When a person fails to make court-ordered child support payments, there are penalties he may face. The penalties may depend on the jurisdiction in which the payments are ordered, but often include wage garnishment and license suspension. A person may also lose the right to obtain a passport as a penalty for failure to make child support payments. Some jurisdictions will even divert tax refunds to the parent who is owed child support money. In cases in which child support payments are seriously past due and involve large amounts of money, a person may even spend time in prison as a consequence of not paying child support.
One of the consequences of not paying child support is wage garnishment. If a person fails to make court-ordered child support payments, a judge may order the garnishment of his paycheck. When this occurs, money for child support is removed from the party’s paycheck before he receives it. It is usually sent to a child support agency’s processing department before it is forwarded on to the receiving party. Wage garnishment allows child support agencies to ensure payments are made, even if the non-custodial parent is reluctant to fulfill his obligations.
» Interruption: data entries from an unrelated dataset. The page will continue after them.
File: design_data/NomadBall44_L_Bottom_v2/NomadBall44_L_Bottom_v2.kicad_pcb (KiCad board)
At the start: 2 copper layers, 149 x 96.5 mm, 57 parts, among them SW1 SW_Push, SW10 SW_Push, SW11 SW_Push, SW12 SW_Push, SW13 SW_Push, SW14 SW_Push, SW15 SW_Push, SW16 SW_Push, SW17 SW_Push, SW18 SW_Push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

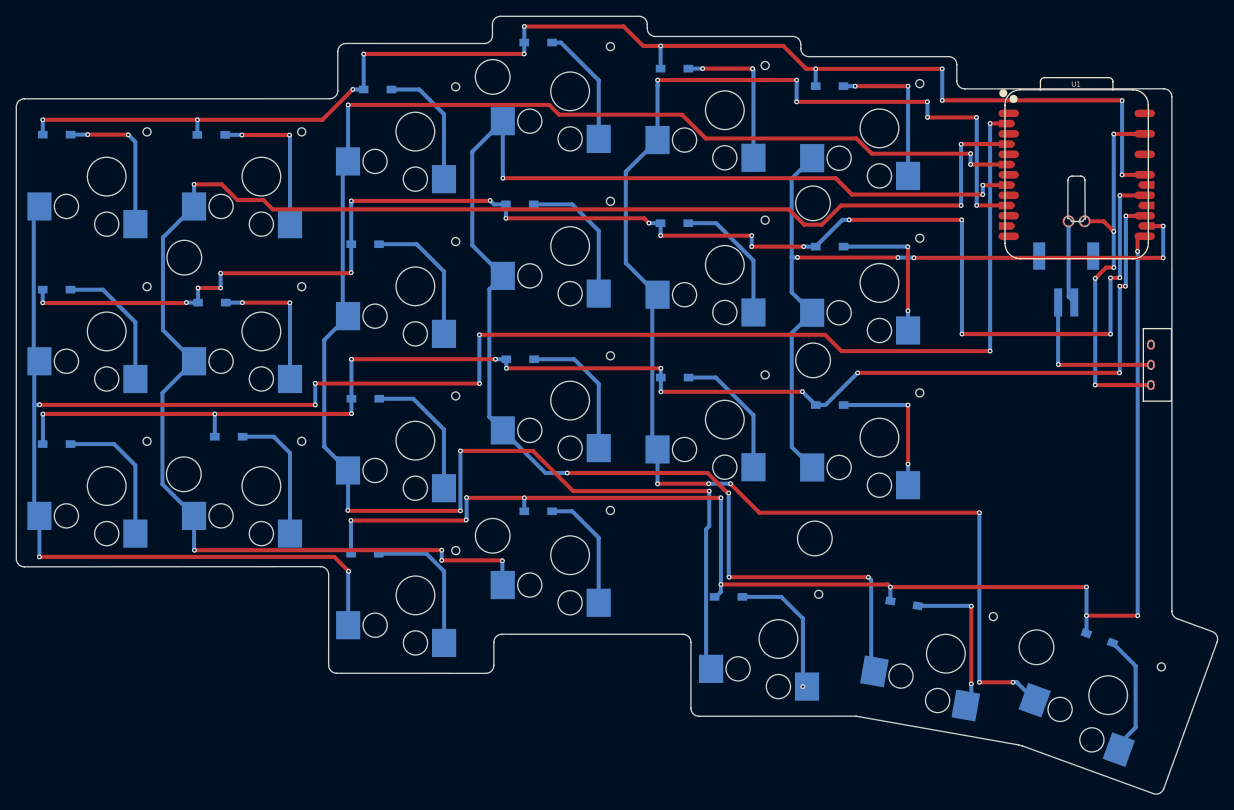
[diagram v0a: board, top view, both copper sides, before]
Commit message: 配線を削除しネジ穴を設定
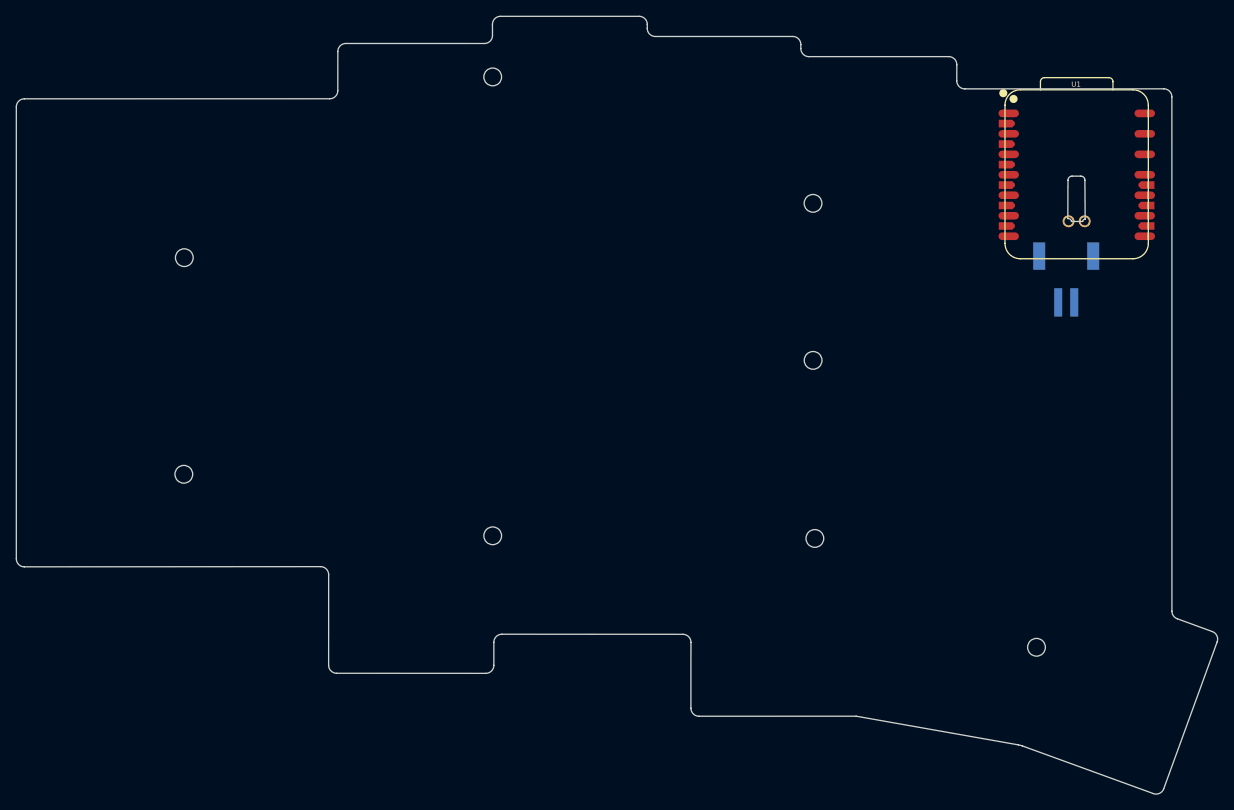
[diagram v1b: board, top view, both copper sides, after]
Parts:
- removed D1, D10, D11, D12, D13, D14, D15, D16, D17, D18, D19, D2, D20, D21, D22, D23, D3, D4, D5, D6, D7, D8, D9: D, NomadBall44:Diode_SMD
- removed SW1, SW10, SW11, SW12, SW13, SW14, SW15, SW16, SW17, SW18, SW19, SW2, SW20, SW21, SW22, SW23, SW3, SW4, SW5, SW6, SW7, SW8, SW9: SW_Push, NomadBall44:Choc_v2_Hotswap_1u
- removed SW24: SW_SPDT, NomadBall44:TGSW_MSK-12D19
- REF** (x8): value MountingHole_4.3mm_M4 -> Val**; footprint MountingHole:MountingHole_4.3mm_M4 -> NomadBall44:m2_Screw_Hole_EdgeCuts
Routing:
- net Col0: track 248.9 -> 0.01 mm, vias 9 -> 0
- net Col2: track 215.7 -> 0.03 mm, vias 7 -> 0
- net Col1: track 206.5 -> 0.00 mm, vias 7 -> 0
- net Row1: track 188.0 -> 0.03 mm, vias 21 -> 0
- net Col3: track 185.3 -> 0.03 mm, vias 7 -> 0
- net Col4: track 183.0 -> 0.01 mm, vias 13 -> 0
- net Row2: track 175.0 -> 0.03 mm, vias 14 -> 0
- net Row3: track 173.7 -> 0.13 mm, vias 11 -> 0
- net Row0: track 169.2 -> 0.01 mm, vias 12 -> 0
- net Col5: track 94.7 -> 0.03 mm, vias 5 -> 0
- net GND: track 46.7 -> 0.06 mm, vias 5 -> 0
- net Net-(D22-A): track 20.4 -> 0.00 mm, vias 2 -> 0
- net Net-(BT1--): track 19.2 -> 0.00 mm, vias 1 -> 0
- net Net-(D6-A): track 19.1 -> 0.00 mm, vias 2 -> 0
- net Net-(D2-A): track 19.1 -> 0.00 mm, vias 2 -> 0
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
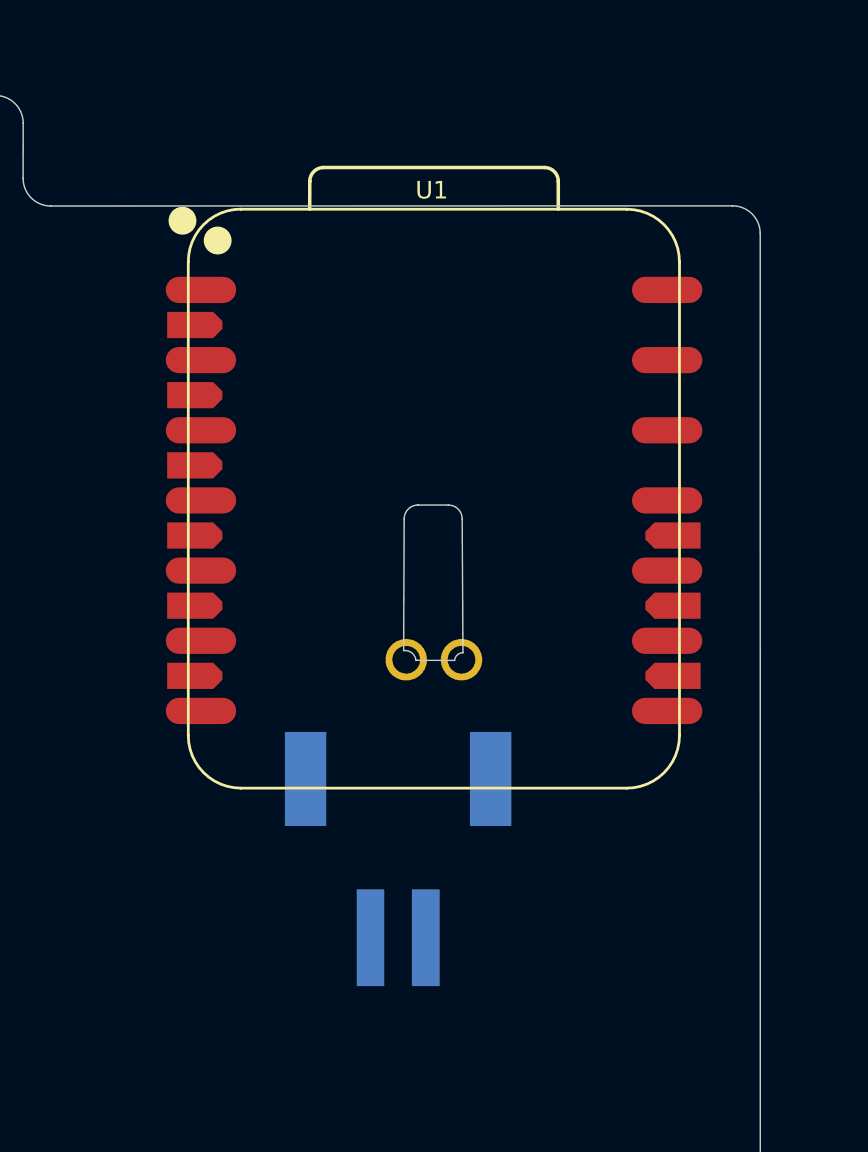
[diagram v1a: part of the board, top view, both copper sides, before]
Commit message: 不要なフットプリントを削除
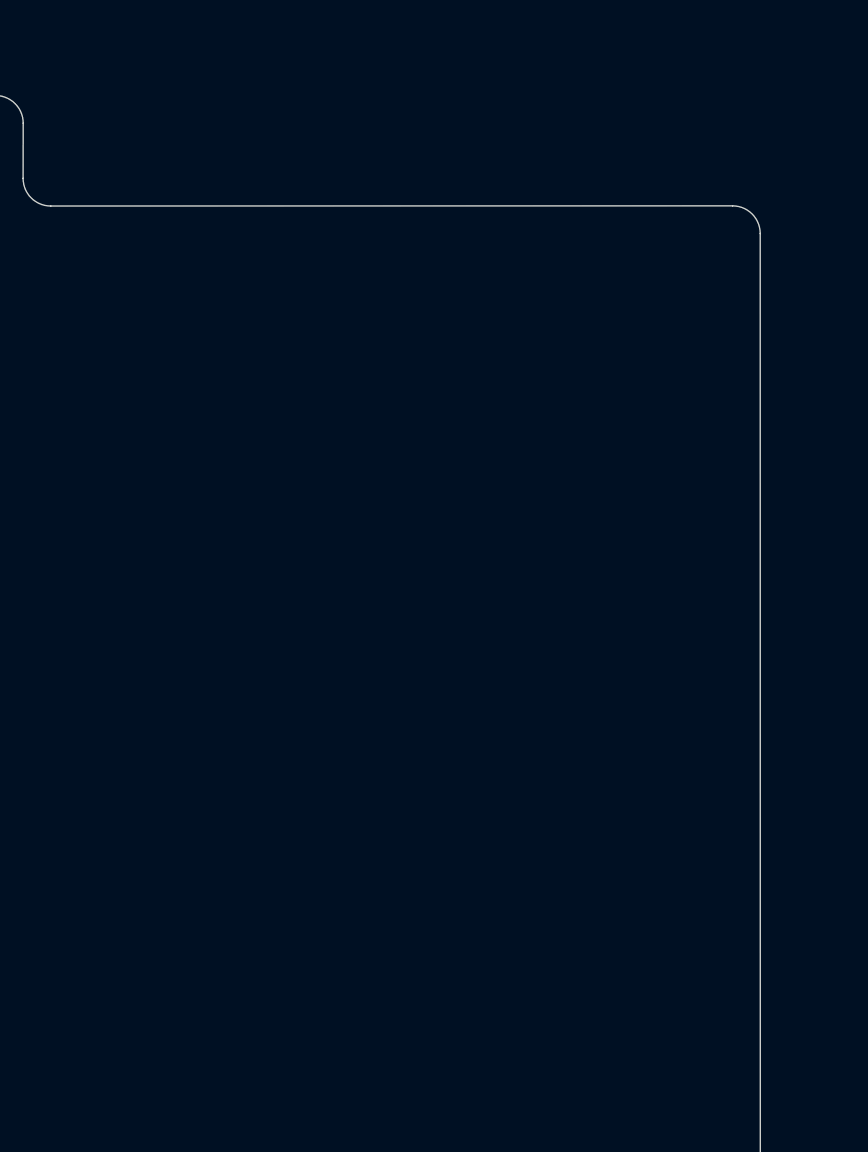
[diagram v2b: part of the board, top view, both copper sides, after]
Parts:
- removed BT1: Battery_Cell, NomadBall44:JST_S2B-PH-SM4-TB
- removed U1: XIAO-nRF52840-Plus-SMD, NomadBall44:XIAO-nRF52840-Plus-ver3

Sometimes driver’s license suspension is also used as a consequence of not paying child support. While this measure doesn't guarantee that the paying parent will catch up on child support payments, it may interfere enough with his lifestyle that he feels compelled to pay. In some jurisdictions, professional licenses can be suspended in addition to driver’s licenses.
In some places, a person may have his right to secure a passport suspended for not paying child support. This may serve two purposes. First, it may prove to be an annoyance and compel the paying parent to catch up on his child support payments. Second, it may help to prevent a person from leaving the country in order to avoid child support enforcement.
Tax refund interception and property liens may also be used when a party fails to make child support payments. All or some of a payer's tax refund may be diverted to the receiving parent. Some jurisdictions also allow child support agencies to place liens on the paying parent’s property. For example, a lien may be placed on the payer’s home as a result of his failure to pay child support.
After a person has been given many chances to pay child support but failed to do so, a judge may order the person to spend time in jail. This penalty is often reserved for cases in which the parent owes a good deal of money yet refuses to pay it. It may also be used when a parent willfully defies a court order or appears defiant in court.